Given records below:
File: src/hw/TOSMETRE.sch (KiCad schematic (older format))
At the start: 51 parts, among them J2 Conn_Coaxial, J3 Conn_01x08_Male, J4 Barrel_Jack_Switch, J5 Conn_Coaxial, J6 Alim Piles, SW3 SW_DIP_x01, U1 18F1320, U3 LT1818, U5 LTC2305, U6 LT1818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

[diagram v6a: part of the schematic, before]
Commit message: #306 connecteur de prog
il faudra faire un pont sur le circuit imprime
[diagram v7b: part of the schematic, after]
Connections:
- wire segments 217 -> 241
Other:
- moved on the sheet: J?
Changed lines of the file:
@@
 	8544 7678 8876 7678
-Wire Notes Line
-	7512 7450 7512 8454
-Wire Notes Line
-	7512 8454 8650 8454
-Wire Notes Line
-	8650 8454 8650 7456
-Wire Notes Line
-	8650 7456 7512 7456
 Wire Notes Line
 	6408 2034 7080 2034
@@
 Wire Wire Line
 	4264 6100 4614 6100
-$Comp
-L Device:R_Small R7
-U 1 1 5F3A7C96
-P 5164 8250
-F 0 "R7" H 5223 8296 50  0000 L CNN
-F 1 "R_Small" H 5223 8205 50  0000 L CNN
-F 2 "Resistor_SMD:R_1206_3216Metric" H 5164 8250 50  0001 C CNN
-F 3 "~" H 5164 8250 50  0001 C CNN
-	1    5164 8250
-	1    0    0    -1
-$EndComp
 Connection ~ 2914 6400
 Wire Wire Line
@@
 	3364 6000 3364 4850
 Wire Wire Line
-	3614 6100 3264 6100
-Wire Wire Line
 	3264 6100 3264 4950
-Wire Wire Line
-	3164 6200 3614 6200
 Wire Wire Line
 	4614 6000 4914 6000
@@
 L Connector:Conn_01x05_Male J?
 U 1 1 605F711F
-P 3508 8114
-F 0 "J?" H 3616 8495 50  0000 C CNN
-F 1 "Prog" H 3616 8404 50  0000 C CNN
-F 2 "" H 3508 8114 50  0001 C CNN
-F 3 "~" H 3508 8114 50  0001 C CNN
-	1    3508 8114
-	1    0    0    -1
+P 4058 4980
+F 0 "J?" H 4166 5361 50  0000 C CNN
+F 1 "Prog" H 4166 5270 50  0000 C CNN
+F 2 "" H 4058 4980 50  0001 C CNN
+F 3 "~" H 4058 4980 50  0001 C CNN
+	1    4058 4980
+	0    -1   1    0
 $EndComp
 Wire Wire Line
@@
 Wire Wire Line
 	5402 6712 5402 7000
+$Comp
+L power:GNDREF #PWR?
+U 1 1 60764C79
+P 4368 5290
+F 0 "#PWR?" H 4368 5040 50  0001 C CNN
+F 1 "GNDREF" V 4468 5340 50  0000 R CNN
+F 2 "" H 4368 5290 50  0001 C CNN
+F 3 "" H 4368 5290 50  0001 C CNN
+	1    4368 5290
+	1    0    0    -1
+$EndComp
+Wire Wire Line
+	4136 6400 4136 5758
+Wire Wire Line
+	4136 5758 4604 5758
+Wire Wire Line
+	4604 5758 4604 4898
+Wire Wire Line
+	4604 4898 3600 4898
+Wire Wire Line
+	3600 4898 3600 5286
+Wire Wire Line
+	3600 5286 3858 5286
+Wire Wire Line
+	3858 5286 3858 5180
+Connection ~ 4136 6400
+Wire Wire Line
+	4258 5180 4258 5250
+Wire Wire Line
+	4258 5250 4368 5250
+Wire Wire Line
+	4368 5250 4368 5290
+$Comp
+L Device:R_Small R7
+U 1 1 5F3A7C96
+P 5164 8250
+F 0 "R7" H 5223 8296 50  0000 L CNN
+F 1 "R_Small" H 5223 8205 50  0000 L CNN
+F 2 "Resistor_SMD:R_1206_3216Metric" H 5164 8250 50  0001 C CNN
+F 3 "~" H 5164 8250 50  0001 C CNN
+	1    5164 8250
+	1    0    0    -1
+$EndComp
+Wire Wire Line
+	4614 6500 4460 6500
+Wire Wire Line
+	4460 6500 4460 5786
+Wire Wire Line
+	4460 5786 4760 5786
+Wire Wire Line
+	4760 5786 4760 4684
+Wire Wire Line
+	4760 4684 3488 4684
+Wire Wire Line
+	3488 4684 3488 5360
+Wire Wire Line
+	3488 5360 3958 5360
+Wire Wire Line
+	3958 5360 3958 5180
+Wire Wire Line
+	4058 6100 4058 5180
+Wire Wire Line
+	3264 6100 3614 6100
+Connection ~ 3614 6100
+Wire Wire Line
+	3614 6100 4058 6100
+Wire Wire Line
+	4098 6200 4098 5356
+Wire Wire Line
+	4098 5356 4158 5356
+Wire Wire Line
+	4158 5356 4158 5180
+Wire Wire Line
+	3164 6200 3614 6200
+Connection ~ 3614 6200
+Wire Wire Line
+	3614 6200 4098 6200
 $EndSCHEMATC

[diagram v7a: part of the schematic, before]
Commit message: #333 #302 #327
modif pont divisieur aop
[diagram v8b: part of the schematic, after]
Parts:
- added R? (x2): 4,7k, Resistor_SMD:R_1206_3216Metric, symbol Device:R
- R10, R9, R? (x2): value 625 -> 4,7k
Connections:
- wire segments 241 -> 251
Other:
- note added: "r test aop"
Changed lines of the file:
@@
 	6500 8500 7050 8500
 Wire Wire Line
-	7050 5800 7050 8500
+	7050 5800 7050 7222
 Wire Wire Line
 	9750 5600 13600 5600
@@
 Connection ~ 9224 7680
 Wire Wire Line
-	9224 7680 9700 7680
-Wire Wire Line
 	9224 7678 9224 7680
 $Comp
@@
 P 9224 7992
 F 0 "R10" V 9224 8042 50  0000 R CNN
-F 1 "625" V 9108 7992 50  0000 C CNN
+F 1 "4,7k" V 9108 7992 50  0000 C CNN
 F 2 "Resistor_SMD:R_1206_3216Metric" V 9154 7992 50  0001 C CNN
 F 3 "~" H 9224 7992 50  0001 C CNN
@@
End of Given records.
#### What is being asked:
Each entry is to be given again, exactly as it stands.

#### Answer section:
File: src/hw/TOSMETRE.sch (KiCad schematic (older format))
At the start: 51 parts, among them J2 Conn_Coaxial, J3 Conn_01x08_Male, J4 Barrel_Jack_Switch, J5 Conn_Coaxial, J6 Alim Piles, SW3 SW_DIP_x01, U1 18F1320, U3 LT1818, U5 LTC2305, U6 LT1818

[diagram v6a: part of the schematic, before]
Commit message: #306 connecteur de prog
il faudra faire un pont sur le circuit imprime
[diagram v7b: part of the schematic, after]
Connections:
- wire segments 217 -> 241
Other:
- moved on the sheet: J?
Changed lines of the file:
@@
 	8544 7678 8876 7678
-Wire Notes Line
-	7512 7450 7512 8454
-Wire Notes Line
-	7512 8454 8650 8454
-Wire Notes Line
-	8650 8454 8650 7456
-Wire Notes Line
-	8650 7456 7512 7456
 Wire Notes Line
 	6408 2034 7080 2034
@@
 Wire Wire Line
 	4264 6100 4614 6100
-$Comp
-L Device:R_Small R7
-U 1 1 5F3A7C96
-P 5164 8250
-F 0 "R7" H 5223 8296 50  0000 L CNN
-F 1 "R_Small" H 5223 8205 50  0000 L CNN
-F 2 "Resistor_SMD:R_1206_3216Metric" H 5164 8250 50  0001 C CNN
-F 3 "~" H 5164 8250 50  0001 C CNN
-	1    5164 8250
-	1    0    0    -1
-$EndComp
 Connection ~ 2914 6400
 Wire Wire Line
@@
 	3364 6000 3364 4850
 Wire Wire Line
-	3614 6100 3264 6100
-Wire Wire Line
 	3264 6100 3264 4950
-Wire Wire Line
-	3164 6200 3614 6200
 Wire Wire Line
 	4614 6000 4914 6000
@@
 L Connector:Conn_01x05_Male J?
 U 1 1 605F711F
-P 3508 8114
-F 0 "J?" H 3616 8495 50  0000 C CNN
-F 1 "Prog" H 3616 8404 50  0000 C CNN
-F 2 "" H 3508 8114 50  0001 C CNN
-F 3 "~" H 3508 8114 50  0001 C CNN
-	1    3508 8114
-	1    0    0    -1
+P 4058 4980
+F 0 "J?" H 4166 5361 50  0000 C CNN
+F 1 "Prog" H 4166 5270 50  0000 C CNN
+F 2 "" H 4058 4980 50  0001 C CNN
+F 3 "~" H 4058 4980 50  0001 C CNN
+	1    4058 4980
+	0    -1   1    0
 $EndComp
 Wire Wire Line
@@
 Wire Wire Line
 	5402 6712 5402 7000
+$Comp
+L power:GNDREF #PWR?
+U 1 1 60764C79
+P 4368 5290
+F 0 "#PWR?" H 4368 5040 50  0001 C CNN
+F 1 "GNDREF" V 4468 5340 50  0000 R CNN
+F 2 "" H 4368 5290 50  0001 C CNN
+F 3 "" H 4368 5290 50  0001 C CNN
+	1    4368 5290
+	1    0    0    -1
+$EndComp
+Wire Wire Line
+	4136 6400 4136 5758
+Wire Wire Line
+	4136 5758 4604 5758
+Wire Wire Line
+	4604 5758 4604 4898
+Wire Wire Line
+	4604 4898 3600 4898
+Wire Wire Line
+	3600 4898 3600 5286
+Wire Wire Line
+	3600 5286 3858 5286
+Wire Wire Line
+	3858 5286 3858 5180
+Connection ~ 4136 6400
+Wire Wire Line
+	4258 5180 4258 5250
+Wire Wire Line
+	4258 5250 4368 5250
+Wire Wire Line
+	4368 5250 4368 5290
+$Comp
+L Device:R_Small R7
+U 1 1 5F3A7C96
+P 5164 8250
+F 0 "R7" H 5223 8296 50  0000 L CNN
+F 1 "R_Small" H 5223 8205 50  0000 L CNN
+F 2 "Resistor_SMD:R_1206_3216Metric" H 5164 8250 50  0001 C CNN
+F 3 "~" H 5164 8250 50  0001 C CNN
+	1    5164 8250
+	1    0    0    -1
+$EndComp
+Wire Wire Line
+	4614 6500 4460 6500
+Wire Wire Line
+	4460 6500 4460 5786
+Wire Wire Line
+	4460 5786 4760 5786
+Wire Wire Line
+	4760 5786 4760 4684
+Wire Wire Line
+	4760 4684 3488 4684
+Wire Wire Line
+	3488 4684 3488 5360
+Wire Wire Line
+	3488 5360 3958 5360
+Wire Wire Line
+	3958 5360 3958 5180
+Wire Wire Line
+	4058 6100 4058 5180
+Wire Wire Line
+	3264 6100 3614 6100
+Connection ~ 3614 6100
+Wire Wire Line
+	3614 6100 4058 6100
+Wire Wire Line
+	4098 6200 4098 5356
+Wire Wire Line
+	4098 5356 4158 5356
+Wire Wire Line
+	4158 5356 4158 5180
+Wire Wire Line
+	3164 6200 3614 6200
+Connection ~ 3614 6200
+Wire Wire Line
+	3614 6200 4098 6200
 $EndSCHEMATC

[diagram v7a: part of the schematic, before]
Commit message: #333 #302 #327
modif pont divisieur aop
[diagram v8b: part of the schematic, after]
Parts:
- added R? (x2): 4,7k, Resistor_SMD:R_1206_3216Metric, symbol Device:R
- R10, R9, R? (x2): value 625 -> 4,7k
Connections:
- wire segments 241 -> 251
Other:
- note added: "r test aop"
Changed lines of the file:
@@
 	6500 8500 7050 8500
 Wire Wire Line
-	7050 5800 7050 8500
+	7050 5800 7050 7222
 Wire Wire Line
 	9750 5600 13600 5600
@@
 Connection ~ 9224 7680
 Wire Wire Line
-	9224 7680 9700 7680
-Wire Wire Line
 	9224 7678 9224 7680
 $Comp
@@
 P 9224 7992
 F 0 "R10" V 9224 8042 50  0000 R CNN
-F 1 "625" V 9108 7992 50  0000 C CNN
+F 1 "4,7k" V 9108 7992 50  0000 C CNN
 F 2 "Resistor_SMD:R_1206_3216Metric" V 9154 7992 50  0001 C CNN
 F 3 "~" H 9224 7992 50  0001 C CNN
@@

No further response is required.